In the  May 17, 2021 issue of the Bangla Desh magazine, published from Kolkata, there is a comprehensive reappraisal of the hybrid big cat experiments done in Alipore Zoo more than three decades ago, that resulted in two tigons (tiger X lion) and five litigons [Lion X tigon(tiger X lions)] being produced as well as naturally occurring hybrids including cognisance of the fact that human evolution was shaped by hybridisation between Homo Sapiens and Neanderthals.

Rethinking our relationship with animals

All these recent incidents call for a careful and thoughtful reappraisal for our relationship with all animals, including ourselves. In view of all these incidents and publications, my organisation strongly calls for the humane treatment of all animals in captivity in zoos, circuses and other facilities, be they so called pure bred or hybrid. 

Under no circumstances should healthy animals be killed as happened with the killing of the healthy giraffe named Marius in Copenhagen Zoo in Denmark in 2014 and the killing of healthy hybrid tiger cubs in Magdeburg Zoo in Germany in 2008.

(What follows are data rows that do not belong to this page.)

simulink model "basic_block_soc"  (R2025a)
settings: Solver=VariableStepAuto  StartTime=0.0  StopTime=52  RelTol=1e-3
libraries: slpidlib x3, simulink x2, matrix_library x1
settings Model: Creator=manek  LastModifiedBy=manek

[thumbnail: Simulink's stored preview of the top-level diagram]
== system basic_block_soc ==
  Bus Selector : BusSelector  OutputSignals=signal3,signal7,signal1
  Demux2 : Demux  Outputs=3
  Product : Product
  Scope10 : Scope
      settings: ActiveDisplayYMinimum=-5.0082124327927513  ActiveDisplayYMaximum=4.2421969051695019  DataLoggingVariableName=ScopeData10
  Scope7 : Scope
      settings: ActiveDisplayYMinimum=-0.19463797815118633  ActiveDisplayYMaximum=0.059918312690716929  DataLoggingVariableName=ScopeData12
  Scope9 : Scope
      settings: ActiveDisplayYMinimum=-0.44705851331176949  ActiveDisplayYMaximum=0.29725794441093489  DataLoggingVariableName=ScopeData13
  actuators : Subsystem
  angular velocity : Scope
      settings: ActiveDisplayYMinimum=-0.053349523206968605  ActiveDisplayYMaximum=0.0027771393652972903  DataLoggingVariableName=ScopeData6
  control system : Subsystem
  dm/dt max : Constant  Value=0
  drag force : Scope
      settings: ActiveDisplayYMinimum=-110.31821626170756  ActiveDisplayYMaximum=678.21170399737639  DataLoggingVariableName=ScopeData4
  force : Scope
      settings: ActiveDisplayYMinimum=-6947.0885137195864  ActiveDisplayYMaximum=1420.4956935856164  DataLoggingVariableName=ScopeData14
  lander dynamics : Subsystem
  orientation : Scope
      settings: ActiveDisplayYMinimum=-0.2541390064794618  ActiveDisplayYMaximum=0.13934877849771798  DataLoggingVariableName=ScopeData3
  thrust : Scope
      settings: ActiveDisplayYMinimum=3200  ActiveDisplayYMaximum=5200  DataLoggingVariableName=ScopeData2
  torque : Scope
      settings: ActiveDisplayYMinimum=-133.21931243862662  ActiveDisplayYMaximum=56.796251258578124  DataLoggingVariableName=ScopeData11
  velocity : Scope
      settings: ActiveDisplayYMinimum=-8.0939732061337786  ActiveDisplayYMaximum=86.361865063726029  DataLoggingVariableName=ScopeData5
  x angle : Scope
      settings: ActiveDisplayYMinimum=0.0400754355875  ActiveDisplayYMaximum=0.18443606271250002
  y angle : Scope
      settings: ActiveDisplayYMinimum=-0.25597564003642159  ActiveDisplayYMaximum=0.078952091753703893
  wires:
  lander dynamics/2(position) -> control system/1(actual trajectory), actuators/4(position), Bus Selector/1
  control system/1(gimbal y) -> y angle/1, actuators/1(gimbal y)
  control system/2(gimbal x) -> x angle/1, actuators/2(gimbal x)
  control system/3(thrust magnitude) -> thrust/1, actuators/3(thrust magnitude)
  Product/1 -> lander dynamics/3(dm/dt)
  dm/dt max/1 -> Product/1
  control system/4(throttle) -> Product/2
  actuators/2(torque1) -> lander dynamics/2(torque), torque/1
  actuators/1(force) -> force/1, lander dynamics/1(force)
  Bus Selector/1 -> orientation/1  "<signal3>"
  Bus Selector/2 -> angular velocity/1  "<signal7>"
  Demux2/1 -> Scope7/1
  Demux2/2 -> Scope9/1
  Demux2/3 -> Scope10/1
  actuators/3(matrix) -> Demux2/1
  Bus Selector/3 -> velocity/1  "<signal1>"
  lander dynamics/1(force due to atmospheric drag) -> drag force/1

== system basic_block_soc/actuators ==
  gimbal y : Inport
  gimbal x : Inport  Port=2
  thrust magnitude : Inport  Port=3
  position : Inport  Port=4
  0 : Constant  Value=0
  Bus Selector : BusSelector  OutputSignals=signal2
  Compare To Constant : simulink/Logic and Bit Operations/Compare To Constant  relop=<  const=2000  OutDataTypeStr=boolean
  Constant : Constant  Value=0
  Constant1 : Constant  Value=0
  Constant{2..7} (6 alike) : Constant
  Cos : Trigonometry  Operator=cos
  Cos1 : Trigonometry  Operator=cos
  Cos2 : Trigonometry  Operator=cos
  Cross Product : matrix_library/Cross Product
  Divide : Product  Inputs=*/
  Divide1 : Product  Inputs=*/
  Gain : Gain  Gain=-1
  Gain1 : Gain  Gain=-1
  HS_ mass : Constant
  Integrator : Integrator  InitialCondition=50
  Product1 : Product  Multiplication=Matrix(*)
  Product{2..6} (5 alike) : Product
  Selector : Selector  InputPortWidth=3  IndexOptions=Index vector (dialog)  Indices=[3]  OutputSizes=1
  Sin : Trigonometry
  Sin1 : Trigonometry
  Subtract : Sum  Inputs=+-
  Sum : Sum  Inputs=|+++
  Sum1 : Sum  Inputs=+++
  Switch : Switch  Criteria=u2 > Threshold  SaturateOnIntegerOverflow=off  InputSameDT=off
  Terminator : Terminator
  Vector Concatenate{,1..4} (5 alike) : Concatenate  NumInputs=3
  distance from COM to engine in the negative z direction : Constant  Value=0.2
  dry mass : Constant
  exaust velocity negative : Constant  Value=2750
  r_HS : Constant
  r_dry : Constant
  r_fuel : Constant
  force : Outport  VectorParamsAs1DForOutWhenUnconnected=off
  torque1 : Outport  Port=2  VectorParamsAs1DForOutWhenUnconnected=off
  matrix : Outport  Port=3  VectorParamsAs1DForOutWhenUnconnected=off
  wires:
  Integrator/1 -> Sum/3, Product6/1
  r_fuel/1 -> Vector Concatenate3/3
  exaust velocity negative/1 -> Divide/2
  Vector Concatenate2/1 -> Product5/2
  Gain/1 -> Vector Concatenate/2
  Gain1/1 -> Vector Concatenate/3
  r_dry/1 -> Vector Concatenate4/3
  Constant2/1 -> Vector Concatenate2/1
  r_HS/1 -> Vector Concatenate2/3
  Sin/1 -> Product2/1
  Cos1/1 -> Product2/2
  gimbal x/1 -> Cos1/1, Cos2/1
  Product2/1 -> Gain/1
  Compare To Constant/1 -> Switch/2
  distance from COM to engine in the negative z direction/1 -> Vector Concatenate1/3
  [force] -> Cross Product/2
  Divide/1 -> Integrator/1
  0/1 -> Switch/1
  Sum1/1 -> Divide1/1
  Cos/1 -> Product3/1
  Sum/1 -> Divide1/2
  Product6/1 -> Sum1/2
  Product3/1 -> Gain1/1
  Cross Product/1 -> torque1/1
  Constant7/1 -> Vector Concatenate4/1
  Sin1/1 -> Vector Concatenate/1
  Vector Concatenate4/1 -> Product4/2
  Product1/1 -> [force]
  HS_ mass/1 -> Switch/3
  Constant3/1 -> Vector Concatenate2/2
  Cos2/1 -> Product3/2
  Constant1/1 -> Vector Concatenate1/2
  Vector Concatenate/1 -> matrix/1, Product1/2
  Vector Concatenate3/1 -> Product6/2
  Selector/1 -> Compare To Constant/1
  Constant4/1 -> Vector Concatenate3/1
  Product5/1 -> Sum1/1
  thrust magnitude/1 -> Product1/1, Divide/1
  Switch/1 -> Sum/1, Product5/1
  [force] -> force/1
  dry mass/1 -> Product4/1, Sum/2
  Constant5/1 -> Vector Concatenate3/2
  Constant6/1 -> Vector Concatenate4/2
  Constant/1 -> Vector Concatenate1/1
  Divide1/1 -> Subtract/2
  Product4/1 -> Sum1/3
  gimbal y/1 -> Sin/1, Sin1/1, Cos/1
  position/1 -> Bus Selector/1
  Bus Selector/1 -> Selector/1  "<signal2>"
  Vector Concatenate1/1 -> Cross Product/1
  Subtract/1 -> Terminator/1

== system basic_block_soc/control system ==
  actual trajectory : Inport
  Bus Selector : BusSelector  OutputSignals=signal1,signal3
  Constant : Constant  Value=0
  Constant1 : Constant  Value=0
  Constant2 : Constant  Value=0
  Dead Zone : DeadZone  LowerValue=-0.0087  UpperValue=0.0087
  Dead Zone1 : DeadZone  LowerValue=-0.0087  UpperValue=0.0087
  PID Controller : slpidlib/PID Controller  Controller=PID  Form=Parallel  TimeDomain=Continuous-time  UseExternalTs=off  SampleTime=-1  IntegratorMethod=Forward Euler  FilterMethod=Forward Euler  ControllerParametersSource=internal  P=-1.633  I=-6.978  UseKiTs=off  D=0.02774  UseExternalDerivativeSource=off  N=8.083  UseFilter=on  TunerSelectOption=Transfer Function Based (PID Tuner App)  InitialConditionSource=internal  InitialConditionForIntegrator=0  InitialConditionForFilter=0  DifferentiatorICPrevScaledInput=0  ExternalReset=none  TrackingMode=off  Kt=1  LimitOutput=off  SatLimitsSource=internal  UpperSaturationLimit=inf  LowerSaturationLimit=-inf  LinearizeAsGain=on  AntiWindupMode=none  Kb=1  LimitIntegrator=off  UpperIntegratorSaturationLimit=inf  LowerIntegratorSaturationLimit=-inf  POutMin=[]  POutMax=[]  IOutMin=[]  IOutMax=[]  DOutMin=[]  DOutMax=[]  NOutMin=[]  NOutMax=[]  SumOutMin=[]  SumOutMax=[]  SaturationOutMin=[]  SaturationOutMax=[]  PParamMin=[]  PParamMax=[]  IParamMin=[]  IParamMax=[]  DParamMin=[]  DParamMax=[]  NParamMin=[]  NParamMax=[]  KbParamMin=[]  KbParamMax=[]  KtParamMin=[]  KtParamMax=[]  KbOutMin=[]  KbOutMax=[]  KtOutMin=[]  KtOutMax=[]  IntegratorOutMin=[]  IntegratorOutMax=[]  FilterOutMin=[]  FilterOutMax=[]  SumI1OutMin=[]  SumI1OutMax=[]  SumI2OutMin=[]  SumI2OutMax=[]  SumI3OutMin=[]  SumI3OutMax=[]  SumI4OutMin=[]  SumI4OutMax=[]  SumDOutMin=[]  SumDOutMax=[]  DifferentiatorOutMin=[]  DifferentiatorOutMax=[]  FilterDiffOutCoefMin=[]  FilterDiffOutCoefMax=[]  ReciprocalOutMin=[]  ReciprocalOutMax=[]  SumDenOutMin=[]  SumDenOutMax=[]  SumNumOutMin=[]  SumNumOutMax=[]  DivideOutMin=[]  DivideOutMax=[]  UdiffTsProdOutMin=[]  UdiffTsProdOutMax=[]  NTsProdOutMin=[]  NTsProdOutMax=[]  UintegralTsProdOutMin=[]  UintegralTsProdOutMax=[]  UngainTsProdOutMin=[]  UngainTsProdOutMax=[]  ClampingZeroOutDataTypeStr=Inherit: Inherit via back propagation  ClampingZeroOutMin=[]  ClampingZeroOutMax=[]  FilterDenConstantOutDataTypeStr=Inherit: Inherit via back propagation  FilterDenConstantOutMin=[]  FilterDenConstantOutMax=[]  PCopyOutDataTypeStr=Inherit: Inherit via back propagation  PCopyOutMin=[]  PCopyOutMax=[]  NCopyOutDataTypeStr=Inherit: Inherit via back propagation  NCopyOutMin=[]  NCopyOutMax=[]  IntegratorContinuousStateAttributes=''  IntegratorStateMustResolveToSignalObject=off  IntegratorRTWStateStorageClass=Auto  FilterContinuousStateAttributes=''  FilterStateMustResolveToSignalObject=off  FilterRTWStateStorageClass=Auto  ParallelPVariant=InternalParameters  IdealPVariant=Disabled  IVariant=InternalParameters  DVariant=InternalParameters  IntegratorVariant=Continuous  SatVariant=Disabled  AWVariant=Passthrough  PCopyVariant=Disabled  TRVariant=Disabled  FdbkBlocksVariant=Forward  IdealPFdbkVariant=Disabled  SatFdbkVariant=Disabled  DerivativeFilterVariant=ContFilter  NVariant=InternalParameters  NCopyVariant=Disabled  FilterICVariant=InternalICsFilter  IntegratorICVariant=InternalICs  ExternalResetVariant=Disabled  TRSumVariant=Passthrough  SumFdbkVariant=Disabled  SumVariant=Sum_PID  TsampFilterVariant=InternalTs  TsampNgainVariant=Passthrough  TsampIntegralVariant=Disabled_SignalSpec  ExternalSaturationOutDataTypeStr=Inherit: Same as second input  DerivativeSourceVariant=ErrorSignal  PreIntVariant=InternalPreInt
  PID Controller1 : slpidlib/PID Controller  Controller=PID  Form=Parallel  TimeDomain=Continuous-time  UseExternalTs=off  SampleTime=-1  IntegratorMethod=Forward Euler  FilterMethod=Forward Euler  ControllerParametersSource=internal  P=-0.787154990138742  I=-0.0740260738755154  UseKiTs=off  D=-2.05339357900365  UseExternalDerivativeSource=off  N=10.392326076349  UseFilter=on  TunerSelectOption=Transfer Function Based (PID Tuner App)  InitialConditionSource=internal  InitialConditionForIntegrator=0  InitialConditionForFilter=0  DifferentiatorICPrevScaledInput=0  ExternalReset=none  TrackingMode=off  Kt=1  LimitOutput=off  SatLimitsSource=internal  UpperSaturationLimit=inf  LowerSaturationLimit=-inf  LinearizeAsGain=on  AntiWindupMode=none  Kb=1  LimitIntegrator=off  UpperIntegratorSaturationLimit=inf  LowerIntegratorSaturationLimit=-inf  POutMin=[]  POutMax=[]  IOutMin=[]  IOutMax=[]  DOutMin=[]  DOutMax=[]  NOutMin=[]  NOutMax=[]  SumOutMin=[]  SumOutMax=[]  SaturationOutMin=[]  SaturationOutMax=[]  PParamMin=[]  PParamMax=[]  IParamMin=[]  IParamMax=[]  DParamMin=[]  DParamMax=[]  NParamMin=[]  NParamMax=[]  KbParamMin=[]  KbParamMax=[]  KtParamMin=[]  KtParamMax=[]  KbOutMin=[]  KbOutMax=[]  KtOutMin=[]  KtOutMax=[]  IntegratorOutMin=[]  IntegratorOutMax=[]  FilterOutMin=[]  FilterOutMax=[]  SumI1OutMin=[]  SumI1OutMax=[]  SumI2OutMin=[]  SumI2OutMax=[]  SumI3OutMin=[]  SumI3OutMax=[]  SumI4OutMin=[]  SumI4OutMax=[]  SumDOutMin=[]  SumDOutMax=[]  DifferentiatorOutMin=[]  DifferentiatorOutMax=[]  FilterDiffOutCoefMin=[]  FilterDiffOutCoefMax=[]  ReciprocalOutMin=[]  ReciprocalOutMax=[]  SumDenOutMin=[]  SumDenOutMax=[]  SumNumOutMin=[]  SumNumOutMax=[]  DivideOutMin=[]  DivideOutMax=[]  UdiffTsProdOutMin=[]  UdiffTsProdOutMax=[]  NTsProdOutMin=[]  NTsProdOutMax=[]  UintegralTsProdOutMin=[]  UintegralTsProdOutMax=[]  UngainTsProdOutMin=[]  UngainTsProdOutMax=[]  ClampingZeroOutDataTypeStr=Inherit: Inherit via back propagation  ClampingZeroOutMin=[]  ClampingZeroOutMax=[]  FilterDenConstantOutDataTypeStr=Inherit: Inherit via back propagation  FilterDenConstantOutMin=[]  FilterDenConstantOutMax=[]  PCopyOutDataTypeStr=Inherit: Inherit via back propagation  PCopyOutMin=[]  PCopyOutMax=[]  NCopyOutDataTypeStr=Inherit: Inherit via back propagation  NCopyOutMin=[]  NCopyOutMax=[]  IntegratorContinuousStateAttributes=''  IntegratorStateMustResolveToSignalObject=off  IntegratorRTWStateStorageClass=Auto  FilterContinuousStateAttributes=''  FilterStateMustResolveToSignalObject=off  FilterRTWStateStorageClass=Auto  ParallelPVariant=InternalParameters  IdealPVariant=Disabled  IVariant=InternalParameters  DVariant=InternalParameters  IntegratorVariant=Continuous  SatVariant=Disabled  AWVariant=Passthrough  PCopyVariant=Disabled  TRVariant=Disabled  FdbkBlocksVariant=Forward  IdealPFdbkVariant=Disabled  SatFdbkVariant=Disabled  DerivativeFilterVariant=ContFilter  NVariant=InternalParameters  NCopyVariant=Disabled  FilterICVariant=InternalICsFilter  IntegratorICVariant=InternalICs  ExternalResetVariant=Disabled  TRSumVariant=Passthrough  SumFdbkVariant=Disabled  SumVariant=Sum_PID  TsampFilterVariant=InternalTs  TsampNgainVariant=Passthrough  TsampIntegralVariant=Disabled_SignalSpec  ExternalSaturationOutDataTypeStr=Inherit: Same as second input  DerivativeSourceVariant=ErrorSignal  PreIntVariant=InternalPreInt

As an alternative, World Animal Protection recommends severely controlling and curtailing of breeding of animals in captivity in zoos and other captive animals facilities and the creation of rescue centres where unwanted zoo and captive animals can be retired for the rest of their lives to live in peace and dignity.

The international zoo community is in dire need of visionaries like Gerald Durrell, Jeremy Mallinson, John Aspinall, Bill Travers, Virginia McKenna, Billy Arjan Singh, Kailash Sankhala, Carl Sagan and Stefan Ormrod today. World Animal Protection believes that for many wild animals that are in abusive captive situations, relocation to wildlife-friendly sanctuaries is the only way forward, an example being the elephants used for riding in Jaipur.

I have been reading the book, ‘The Last Great Wild Beast Show,’ by Bill Jordan and Stefan Ormrod, a book that laid the ground for the passage of the landmark Zoo Licensing Act in Great Britain in 1981. We need similar books and champions of wildlife to ensure that wildlife belongs in the wild, the core ethic of the wildlife campaign of World Animal Protection.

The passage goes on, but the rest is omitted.